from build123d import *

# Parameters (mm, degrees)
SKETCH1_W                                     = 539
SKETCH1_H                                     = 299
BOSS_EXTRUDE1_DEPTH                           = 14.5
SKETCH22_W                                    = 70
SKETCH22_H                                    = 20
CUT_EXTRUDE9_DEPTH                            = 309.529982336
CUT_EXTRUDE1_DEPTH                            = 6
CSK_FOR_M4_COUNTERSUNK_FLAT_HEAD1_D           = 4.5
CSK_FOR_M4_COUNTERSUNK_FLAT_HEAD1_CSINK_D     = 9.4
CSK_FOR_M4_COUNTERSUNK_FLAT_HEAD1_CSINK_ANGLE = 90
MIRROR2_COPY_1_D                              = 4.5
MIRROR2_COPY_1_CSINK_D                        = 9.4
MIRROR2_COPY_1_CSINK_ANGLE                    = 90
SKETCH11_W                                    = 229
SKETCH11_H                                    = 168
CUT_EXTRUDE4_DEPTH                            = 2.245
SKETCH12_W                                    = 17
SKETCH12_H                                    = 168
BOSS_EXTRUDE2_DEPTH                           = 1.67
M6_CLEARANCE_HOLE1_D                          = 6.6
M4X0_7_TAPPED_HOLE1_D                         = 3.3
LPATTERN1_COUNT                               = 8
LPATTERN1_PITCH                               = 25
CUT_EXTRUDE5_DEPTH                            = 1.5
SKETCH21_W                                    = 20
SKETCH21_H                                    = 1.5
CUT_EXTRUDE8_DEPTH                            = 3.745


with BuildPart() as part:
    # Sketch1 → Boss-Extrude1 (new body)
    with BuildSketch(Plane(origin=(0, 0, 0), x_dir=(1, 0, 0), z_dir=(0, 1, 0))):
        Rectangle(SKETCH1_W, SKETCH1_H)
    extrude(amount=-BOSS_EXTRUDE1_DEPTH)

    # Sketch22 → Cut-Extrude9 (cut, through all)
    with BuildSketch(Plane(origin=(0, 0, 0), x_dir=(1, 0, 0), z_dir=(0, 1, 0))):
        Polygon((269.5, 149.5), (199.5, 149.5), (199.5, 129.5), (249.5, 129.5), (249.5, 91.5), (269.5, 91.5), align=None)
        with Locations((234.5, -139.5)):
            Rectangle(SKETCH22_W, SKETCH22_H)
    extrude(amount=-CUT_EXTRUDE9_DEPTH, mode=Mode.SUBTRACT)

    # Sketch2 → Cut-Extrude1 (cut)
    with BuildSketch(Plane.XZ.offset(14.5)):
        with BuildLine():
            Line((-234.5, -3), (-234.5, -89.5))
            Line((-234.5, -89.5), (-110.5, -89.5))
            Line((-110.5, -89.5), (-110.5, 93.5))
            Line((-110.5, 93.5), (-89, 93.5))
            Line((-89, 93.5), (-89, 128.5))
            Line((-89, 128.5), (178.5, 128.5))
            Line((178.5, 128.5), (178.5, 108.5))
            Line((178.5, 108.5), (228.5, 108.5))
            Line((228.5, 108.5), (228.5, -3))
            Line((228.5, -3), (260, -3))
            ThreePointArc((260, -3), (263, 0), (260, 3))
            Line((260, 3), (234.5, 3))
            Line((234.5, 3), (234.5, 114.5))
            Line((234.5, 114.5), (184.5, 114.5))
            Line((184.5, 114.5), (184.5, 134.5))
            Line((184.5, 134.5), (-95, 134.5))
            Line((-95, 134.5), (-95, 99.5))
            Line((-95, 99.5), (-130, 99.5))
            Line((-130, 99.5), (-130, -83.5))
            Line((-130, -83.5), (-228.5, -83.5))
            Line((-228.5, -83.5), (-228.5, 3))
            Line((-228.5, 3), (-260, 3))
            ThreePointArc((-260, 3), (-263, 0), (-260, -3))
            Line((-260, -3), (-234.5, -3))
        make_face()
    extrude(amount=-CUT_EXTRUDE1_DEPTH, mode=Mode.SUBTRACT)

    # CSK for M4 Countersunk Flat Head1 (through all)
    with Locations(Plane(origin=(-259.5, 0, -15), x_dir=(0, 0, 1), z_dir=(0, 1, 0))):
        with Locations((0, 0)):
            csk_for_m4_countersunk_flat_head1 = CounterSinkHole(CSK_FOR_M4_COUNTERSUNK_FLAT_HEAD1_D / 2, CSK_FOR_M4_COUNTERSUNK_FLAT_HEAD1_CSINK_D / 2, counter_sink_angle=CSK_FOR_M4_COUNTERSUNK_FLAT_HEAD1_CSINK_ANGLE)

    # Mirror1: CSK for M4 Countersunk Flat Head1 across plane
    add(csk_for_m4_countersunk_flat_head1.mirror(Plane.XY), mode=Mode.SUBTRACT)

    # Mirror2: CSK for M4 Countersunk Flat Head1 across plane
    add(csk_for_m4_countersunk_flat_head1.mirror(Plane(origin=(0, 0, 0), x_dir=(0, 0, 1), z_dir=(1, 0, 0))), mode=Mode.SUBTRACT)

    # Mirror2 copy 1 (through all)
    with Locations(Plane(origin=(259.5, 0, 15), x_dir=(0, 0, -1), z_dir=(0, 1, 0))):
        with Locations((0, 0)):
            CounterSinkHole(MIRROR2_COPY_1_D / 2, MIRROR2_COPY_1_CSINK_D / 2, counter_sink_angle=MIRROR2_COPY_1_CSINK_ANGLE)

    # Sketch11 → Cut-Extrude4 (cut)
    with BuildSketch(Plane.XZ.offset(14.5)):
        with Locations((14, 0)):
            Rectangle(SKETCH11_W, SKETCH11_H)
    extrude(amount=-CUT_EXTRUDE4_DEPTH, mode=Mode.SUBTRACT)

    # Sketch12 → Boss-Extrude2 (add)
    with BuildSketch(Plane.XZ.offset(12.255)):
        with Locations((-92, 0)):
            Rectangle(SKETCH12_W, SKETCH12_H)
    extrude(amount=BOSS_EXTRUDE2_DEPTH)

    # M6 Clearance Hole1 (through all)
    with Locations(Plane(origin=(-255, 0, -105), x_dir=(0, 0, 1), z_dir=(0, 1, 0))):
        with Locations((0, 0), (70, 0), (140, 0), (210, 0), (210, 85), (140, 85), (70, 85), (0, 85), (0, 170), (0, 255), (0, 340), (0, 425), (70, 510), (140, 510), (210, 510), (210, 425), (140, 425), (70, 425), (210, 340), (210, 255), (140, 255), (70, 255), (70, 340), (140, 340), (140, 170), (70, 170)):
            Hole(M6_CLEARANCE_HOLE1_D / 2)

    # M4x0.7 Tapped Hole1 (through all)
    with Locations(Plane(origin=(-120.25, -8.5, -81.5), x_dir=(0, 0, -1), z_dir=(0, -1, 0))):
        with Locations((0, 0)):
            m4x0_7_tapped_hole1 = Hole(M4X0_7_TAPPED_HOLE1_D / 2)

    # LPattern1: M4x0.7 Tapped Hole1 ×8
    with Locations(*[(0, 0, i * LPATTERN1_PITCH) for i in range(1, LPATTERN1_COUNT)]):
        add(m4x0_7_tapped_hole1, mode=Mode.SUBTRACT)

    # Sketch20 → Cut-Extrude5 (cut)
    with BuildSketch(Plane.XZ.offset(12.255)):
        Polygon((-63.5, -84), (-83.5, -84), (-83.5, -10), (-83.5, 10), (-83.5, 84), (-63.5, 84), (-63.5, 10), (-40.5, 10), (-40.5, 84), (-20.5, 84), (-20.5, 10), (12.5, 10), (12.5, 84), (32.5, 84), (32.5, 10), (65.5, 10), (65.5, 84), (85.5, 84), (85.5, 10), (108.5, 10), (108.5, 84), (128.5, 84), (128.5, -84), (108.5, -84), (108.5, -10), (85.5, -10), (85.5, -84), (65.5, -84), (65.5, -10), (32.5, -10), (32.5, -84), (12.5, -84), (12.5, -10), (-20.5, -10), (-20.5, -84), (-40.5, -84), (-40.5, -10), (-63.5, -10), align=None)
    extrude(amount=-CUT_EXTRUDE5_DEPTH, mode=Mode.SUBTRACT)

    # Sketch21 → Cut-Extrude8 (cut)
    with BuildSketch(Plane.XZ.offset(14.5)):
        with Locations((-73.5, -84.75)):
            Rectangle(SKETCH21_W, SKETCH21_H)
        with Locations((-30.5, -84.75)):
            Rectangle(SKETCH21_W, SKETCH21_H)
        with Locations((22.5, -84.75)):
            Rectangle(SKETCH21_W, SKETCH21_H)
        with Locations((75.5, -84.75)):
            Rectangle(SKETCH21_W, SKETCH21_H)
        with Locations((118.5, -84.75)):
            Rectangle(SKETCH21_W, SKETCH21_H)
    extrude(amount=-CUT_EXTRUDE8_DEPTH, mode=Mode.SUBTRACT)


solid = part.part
====
▸ EXERCISE: From the data above, return every line from the line that has "# Mirror2 copy 1 (through all)" up to and including the line that has "# M6 Clearance Hole1 (through all)", exactly.

▸ RESULT OF THIS EXERCISE:
    # Mirror2 copy 1 (through all)
    with Locations(Plane(origin=(259.5, 0, 15), x_dir=(0, 0, -1), z_dir=(0, 1, 0))):
        with Locations((0, 0)):
            CounterSinkHole(MIRROR2_COPY_1_D / 2, MIRROR2_COPY_1_CSINK_D / 2, counter_sink_angle=MIRROR2_COPY_1_CSINK_ANGLE)

    # Sketch11 → Cut-Extrude4 (cut)
    with BuildSketch(Plane.XZ.offset(14.5)):
        with Locations((14, 0)):
            Rectangle(SKETCH11_W, SKETCH11_H)
    extrude(amount=-CUT_EXTRUDE4_DEPTH, mode=Mode.SUBTRACT)

    # Sketch12 → Boss-Extrude2 (add)
    with BuildSketch(Plane.XZ.offset(12.255)):
        with Locations((-92, 0)):
            Rectangle(SKETCH12_W, SKETCH12_H)
    extrude(amount=BOSS_EXTRUDE2_DEPTH)

    # M6 Clearance Hole1 (through all)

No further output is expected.